Comprehensive Linear Modeling with R provides a wide overview of numerous contemporary linear and non-linear modeling approaches for the analysis of research data. These include basic, conditional and simultaneous inference techniques; analysis of variance (ANOVA); linear regression; survival analysis; generalized linear models (GLMs); parametric and non-parametric smoothers and generalized additive models (GAMs); longitudinal and mixed-effects, split-plot and other nested model designs. The course showcases the use of R Commander in performing these tasks. R Commander is a popular GUI-based "front-end" to the broad range of embedded statistical functionality in R software. R Commander is an 'SPSS-like' GUI that enables the implementation of a large variety of statistical and graphical techniques using both menus and scripts. Please note that the R Commander GUI is written in the RGtk2 R-specific visual language (based on GTK+) which is known to have problems running on a Mac computer.

The course progresses through dozens of statistical techniques by first explaining the concepts and then demonstrating the use of each with concrete examples based on actual studies and research data. Beginning with a quick overview of different graphical plotting techniques, the course then reviews basic approaches to establish inference and conditional inference, followed by a review of analysis of variance (ANOVA). The course then progresses through linear regression and a section on validating linear models. Then generalized linear modeling (GLM) is explained and demonstrated with numerous examples. Also included are sections explaining and demonstrating linear and non-linear models for survival analysis, smoothers and generalized additive models (GAMs), longitudinal models with and without generalized estimating equations (GEE), mixed-effects, split-plot, and nested designs. Also included are detailed examples and explanations of validating linear models using various graphical displays, as well as comparing alternative models to choose the 'best' model.
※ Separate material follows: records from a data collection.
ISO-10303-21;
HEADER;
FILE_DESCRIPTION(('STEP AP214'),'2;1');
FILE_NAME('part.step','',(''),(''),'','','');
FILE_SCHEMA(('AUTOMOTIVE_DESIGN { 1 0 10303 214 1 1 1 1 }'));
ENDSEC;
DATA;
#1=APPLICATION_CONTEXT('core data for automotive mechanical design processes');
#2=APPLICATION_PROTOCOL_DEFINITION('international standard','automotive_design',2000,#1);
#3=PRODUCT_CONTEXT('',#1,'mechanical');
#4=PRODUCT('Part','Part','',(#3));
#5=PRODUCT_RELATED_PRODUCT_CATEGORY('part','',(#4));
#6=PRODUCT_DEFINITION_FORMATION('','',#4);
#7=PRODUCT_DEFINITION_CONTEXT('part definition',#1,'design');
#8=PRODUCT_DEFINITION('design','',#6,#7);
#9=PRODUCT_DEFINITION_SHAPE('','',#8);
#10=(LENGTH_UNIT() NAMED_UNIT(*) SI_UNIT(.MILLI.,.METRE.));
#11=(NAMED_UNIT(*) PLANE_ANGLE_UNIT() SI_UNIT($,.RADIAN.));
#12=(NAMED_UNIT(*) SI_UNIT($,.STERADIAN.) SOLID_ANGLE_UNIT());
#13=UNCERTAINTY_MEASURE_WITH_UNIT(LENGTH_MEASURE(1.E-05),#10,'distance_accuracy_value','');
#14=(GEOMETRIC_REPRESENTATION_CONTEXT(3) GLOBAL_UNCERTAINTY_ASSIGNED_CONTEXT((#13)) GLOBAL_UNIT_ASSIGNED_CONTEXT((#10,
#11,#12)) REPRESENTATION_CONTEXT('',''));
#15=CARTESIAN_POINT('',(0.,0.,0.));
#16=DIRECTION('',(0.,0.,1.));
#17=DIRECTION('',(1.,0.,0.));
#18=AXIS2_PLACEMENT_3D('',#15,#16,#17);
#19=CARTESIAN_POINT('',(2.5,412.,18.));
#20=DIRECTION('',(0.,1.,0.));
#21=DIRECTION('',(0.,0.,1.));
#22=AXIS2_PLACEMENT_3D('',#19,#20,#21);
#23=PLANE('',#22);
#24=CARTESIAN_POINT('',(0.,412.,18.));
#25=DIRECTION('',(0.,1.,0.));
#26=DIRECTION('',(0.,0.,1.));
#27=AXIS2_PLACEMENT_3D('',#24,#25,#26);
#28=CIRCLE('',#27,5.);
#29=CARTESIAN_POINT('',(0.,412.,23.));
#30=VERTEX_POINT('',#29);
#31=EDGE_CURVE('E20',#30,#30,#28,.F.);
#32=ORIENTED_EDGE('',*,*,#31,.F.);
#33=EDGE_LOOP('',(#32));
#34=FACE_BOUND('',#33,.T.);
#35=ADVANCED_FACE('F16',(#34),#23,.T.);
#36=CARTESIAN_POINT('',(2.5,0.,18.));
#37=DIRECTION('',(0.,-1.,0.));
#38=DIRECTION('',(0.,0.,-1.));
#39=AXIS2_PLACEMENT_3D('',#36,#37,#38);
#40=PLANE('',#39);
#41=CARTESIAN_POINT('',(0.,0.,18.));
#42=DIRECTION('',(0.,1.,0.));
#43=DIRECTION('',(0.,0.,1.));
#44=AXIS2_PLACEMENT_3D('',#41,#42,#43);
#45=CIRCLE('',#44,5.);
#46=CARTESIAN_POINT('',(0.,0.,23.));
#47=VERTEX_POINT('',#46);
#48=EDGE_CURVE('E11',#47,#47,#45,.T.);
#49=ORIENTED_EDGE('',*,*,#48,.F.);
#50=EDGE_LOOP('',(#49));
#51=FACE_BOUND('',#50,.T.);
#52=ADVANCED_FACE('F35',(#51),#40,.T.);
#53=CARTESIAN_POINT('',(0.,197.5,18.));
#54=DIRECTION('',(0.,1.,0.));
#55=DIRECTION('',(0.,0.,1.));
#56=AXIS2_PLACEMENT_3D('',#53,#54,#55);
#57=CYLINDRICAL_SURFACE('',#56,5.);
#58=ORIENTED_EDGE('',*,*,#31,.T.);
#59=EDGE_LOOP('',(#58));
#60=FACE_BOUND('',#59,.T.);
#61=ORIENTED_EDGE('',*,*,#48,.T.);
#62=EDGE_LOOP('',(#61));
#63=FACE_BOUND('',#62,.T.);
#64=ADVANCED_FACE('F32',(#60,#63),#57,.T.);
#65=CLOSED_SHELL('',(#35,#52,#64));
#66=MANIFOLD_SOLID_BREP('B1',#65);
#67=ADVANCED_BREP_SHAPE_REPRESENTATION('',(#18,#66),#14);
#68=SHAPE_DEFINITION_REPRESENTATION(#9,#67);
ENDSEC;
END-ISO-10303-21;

The course concludes with a section on the special considerations and techniques for establishing simultaneous inference in the linear modeling domain.

The rather long course aims for complete coverage of linear (and some non-linear) modeling approaches using R and is suitable for beginning, intermediate and advanced R users who seek to refine these skills. These candidates would include graduate students and/or quantitative and/or data-analytic professionals who perform linear (and non-linear) modeling as part of their professional duties.


Who this course is for:

  • This course is aimed at graduate students and working quantitative and data-analytic professionals who seek to acquire a wide range of linear (and non-linear) modeling skills using R.
  • People who only have a Mac computer available to use should know that the R Commander interface is written in the R-specific RGtk2 language (based on GTK+) which is known to be problematic running on a Mac computer.